Any know how it works? Do I have to pay 50 or 25 euros ? Or just cancel it for 4.50? And the other amounts are relevant to those who don't pay the 4.50 within a month?


----------



## VFR (Dec 23, 2009)

Been a good few years since I had one ..............

I think that the 4.40 is the max parking amount & this is the amount you have to pay on the machine, get your ticket & put it into the envelope and post it into the machine (you will see a little slot)

Failure to do this in a certain time will result in a fine ?, if in doubt ask a local who has just parked & does not look like they are in a hurry.


----------



## snikpoh (Nov 19, 2007)

Fulls1982 said:


> Hi,
> 
> Just returned to my car to find I have a parking ticket. The ticket was received in Calpe where an easy park machine is used. It seems like I have the option to cancel the fine for 4.50 euros? But then on the ticket it references 50 euros and a reduced rate 25 euros. All very confusing for someone who can't read Spanish
> 
> Any know how it works? Do I have to pay 50 or 25 euros ? Or just cancel it for 4.50? And the other amounts are relevant to those who don't pay the 4.50 within a month?


Usually you need to pay the 4.50 and cancel the fine within a couple of hours - maybe too late now.

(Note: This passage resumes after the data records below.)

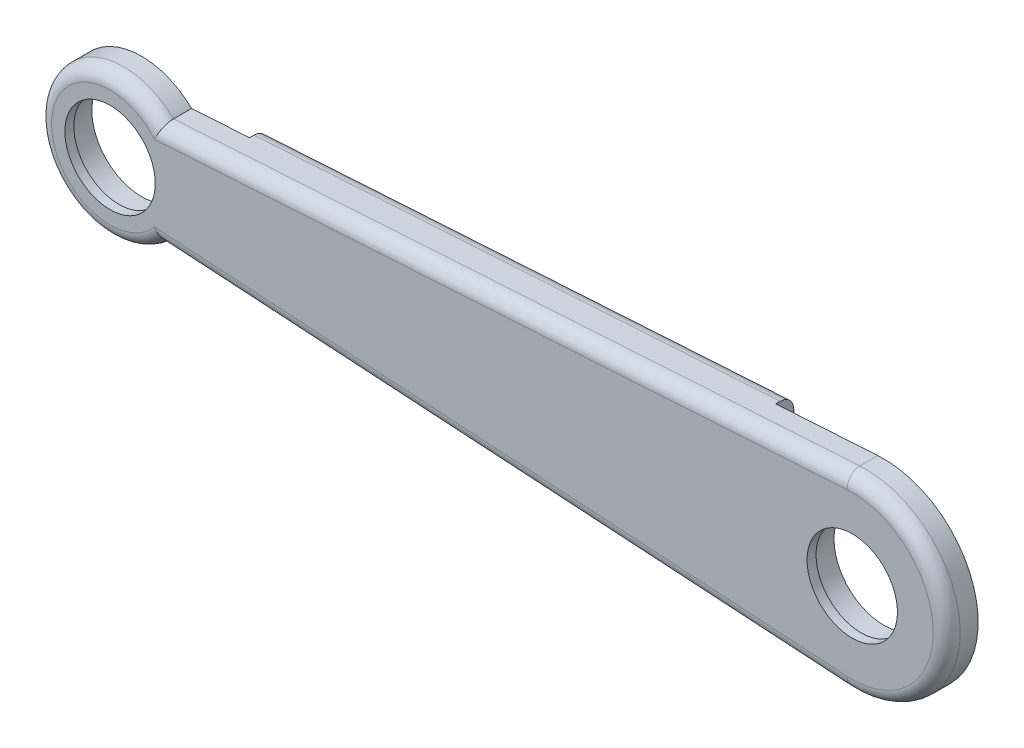
ISO-10303-21;
HEADER;
FILE_DESCRIPTION(('STEP AP214'),'2;1');
FILE_NAME('part.step','',(''),(''),'','','');
FILE_SCHEMA(('AUTOMOTIVE_DESIGN { 1 0 10303 214 1 1 1 1 }'));
ENDSEC;
DATA;
#1=APPLICATION_CONTEXT('core data for automotive mechanical design processes');
#2=APPLICATION_PROTOCOL_DEFINITION('international standard','automotive_design',2000,#1);
#3=PRODUCT_CONTEXT('',#1,'mechanical');
#4=PRODUCT('Part','Part','',(#3));
#5=PRODUCT_RELATED_PRODUCT_CATEGORY('part','',(#4));
#6=PRODUCT_DEFINITION_FORMATION('','',#4);
#7=PRODUCT_DEFINITION_CONTEXT('part definition',#1,'design');
#8=PRODUCT_DEFINITION('design','',#6,#7);
#9=PRODUCT_DEFINITION_SHAPE('','',#8);
#10=(LENGTH_UNIT() NAMED_UNIT(*) SI_UNIT(.MILLI.,.METRE.));
#11=(NAMED_UNIT(*) PLANE_ANGLE_UNIT() SI_UNIT($,.RADIAN.));
#12=(NAMED_UNIT(*) SI_UNIT($,.STERADIAN.) SOLID_ANGLE_UNIT());
#13=UNCERTAINTY_MEASURE_WITH_UNIT(LENGTH_MEASURE(1.E-05),#10,'distance_accuracy_value','');
#14=(GEOMETRIC_REPRESENTATION_CONTEXT(3) GLOBAL_UNCERTAINTY_ASSIGNED_CONTEXT((#13)) GLOBAL_UNIT_ASSIGNED_CONTEXT((#10,
#11,#12)) REPRESENTATION_CONTEXT('',''));
#15=CARTESIAN_POINT('',(0.,0.,0.));
#16=DIRECTION('',(0.,0.,1.));
#17=DIRECTION('',(1.,0.,0.));
#18=AXIS2_PLACEMENT_3D('',#15,#16,#17);
#19=CARTESIAN_POINT('',(24.,-21.01,4.));
#20=DIRECTION('',(1.,0.,0.));
#21=DIRECTION('',(0.,0.,-1.));
#22=AXIS2_PLACEMENT_3D('',#19,#20,#21);
#23=PLANE('',#22);
#24=DIRECTION('',(0.,1.,0.));
#25=VECTOR('',#24,1.);
#26=CARTESIAN_POINT('',(24.,-21.01,4.));
#27=LINE('',#26,#25);
#28=CARTESIAN_POINT('',(24.,-12.2982960509077,4.));
#29=VERTEX_POINT('',#28);
#30=CARTESIAN_POINT('',(24.,12.2982960509077,4.));
#31=VERTEX_POINT('',#30);
#32=EDGE_CURVE('E12',#29,#31,#27,.T.);
#33=ORIENTED_EDGE('',*,*,#32,.T.);
#34=DIRECTION('',(0.,0.,-1.));
#35=VECTOR('',#34,1.);
#36=CARTESIAN_POINT('',(24.,12.2982960509077,11.));
#37=LINE('',#36,#35);
#38=CARTESIAN_POINT('',(24.,12.2982960509077,3.));
#39=VERTEX_POINT('',#38);
#40=EDGE_CURVE('E397',#31,#39,#37,.T.);
#41=ORIENTED_EDGE('',*,*,#40,.T.);
#42=CARTESIAN_POINT('',(24.,9.29253554521665,3.));
#43=DIRECTION('',(1.,0.,0.));
#44=DIRECTION('',(0.,-1.,0.));
#45=AXIS2_PLACEMENT_3D('',#42,#43,#44);
#46=ELLIPSE('',#45,3.00576050569108,3.);
#47=CARTESIAN_POINT('',(24.,9.29253554521665,0.));
#48=VERTEX_POINT('',#47);
#49=EDGE_CURVE('E66',#39,#48,#46,.F.);
#50=ORIENTED_EDGE('',*,*,#49,.T.);
#51=DIRECTION('',(0.,1.,0.));
#52=VECTOR('',#51,1.);
#53=CARTESIAN_POINT('',(24.,0.,0.));
#54=LINE('',#53,#52);
#55=CARTESIAN_POINT('',(24.,-9.29253554521665,0.));
#56=VERTEX_POINT('',#55);
#57=EDGE_CURVE('E62',#56,#48,#54,.T.);
#58=ORIENTED_EDGE('',*,*,#57,.F.);
#59=CARTESIAN_POINT('',(24.,-9.29253554521665,3.));
#60=DIRECTION('',(1.,0.,0.));
#61=DIRECTION('',(0.,-1.,0.));
#62=AXIS2_PLACEMENT_3D('',#59,#60,#61);
#63=ELLIPSE('',#62,3.00576050569108,3.);
#64=CARTESIAN_POINT('',(24.,-12.2982960509077,3.));
#65=VERTEX_POINT('',#64);
#66=EDGE_CURVE('E405',#56,#65,#63,.F.);
#67=ORIENTED_EDGE('',*,*,#66,.T.);
#68=DIRECTION('',(0.,0.,-1.));
#69=VECTOR('',#68,1.);
#70=CARTESIAN_POINT('',(24.,-12.2982960509077,11.));
#71=LINE('',#70,#69);
#72=EDGE_CURVE('E48',#29,#65,#71,.T.);
#73=ORIENTED_EDGE('',*,*,#72,.F.);
#74=EDGE_LOOP('',(#33,#41,#50,#58,#67,#73));
#75=FACE_BOUND('',#74,.T.);
#76=ADVANCED_FACE('F42',(#75),#23,.F.);
#77=CARTESIAN_POINT('',(-20.0212028963718,-21.01,4.));
#78=DIRECTION('',(0.,0.,1.));
#79=DIRECTION('',(1.,0.,0.));
#80=AXIS2_PLACEMENT_3D('',#77,#78,#79);
#81=PLANE('',#80);
#82=CARTESIAN_POINT('',(0.,0.,4.));
#83=DIRECTION('',(0.,0.,1.));
#84=DIRECTION('',(1.,0.,0.));
#85=AXIS2_PLACEMENT_3D('',#82,#83,#84);
#86=CIRCLE('',#85,11.05);
#87=CARTESIAN_POINT('',(11.05,0.,4.));
#88=VERTEX_POINT('',#87);
#89=EDGE_CURVE('E402',#88,#88,#86,.T.);
#90=ORIENTED_EDGE('',*,*,#89,.T.);
#91=EDGE_LOOP('',(#90));
#92=FACE_BOUND('',#91,.T.);
#93=CARTESIAN_POINT('',(16.,0.,4.));
#94=DIRECTION('',(0.,0.,1.));
#95=DIRECTION('',(1.,0.,0.));
#96=AXIS2_PLACEMENT_3D('',#93,#94,#95);
#97=CIRCLE('',#96,2.2);
#98=CARTESIAN_POINT('',(18.2,0.,4.));
#99=VERTEX_POINT('',#98);
#100=EDGE_CURVE('E52',#99,#99,#97,.T.);
#101=ORIENTED_EDGE('',*,*,#100,.T.);
#102=EDGE_LOOP('',(#101));
#103=FACE_BOUND('',#102,.T.);
#104=CARTESIAN_POINT('',(0.,0.,4.));
#105=DIRECTION('',(0.,0.,1.));
#106=DIRECTION('',(1.,0.,0.));
#107=AXIS2_PLACEMENT_3D('',#104,#105,#106);
#108=CIRCLE('',#107,16.);
#109=CARTESIAN_POINT('',(11.1242977306435,11.5,4.));
#110=VERTEX_POINT('',#109);
#111=CARTESIAN_POINT('',(11.1242977306435,-11.5,4.));
#112=VERTEX_POINT('',#111);
#113=EDGE_CURVE('E413',#110,#112,#108,.T.);
#114=ORIENTED_EDGE('',*,*,#113,.F.);
#115=DIRECTION('',(0.998083511417436,0.0618813722911973,0.));
#116=VECTOR('',#115,1.);
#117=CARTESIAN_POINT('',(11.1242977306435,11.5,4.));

If you are resident and pay within a certain time period, then they give you 50% discount meaning you only pay a fine of 25€ - via a particular bank named on the ticket.


----------



## Fulls1982 (Jul 13, 2015)

*Thanks*

Thanks for the comments. The general conclusion is that nobody really knows 

We have put the 4.50 receipt in the envelope and are hoping for the best.

I guess the car hire company will bill us 50 euros if not


----------



## snikpoh (Nov 19, 2007)

Fulls1982 said:


> Thanks for the comments. The general conclusion is that nobody really knows
> 
> We have put the 4.50 receipt in the envelope and are hoping for the best.
> 
> I guess the car hire company will bill us 50 euros if not


Why do you assume that nobody knows?

I thought I gave a clear response as to how it works in Spain and Calpe in particular.


----------



## samthemainman (Aug 15, 2012)

Parking tickets always give you a reduced fine (E.g. the 25 Euros) with a period to pay it before it goes to 50. I doubt they would fine you just 4.50 - it would cost them more than that to process it.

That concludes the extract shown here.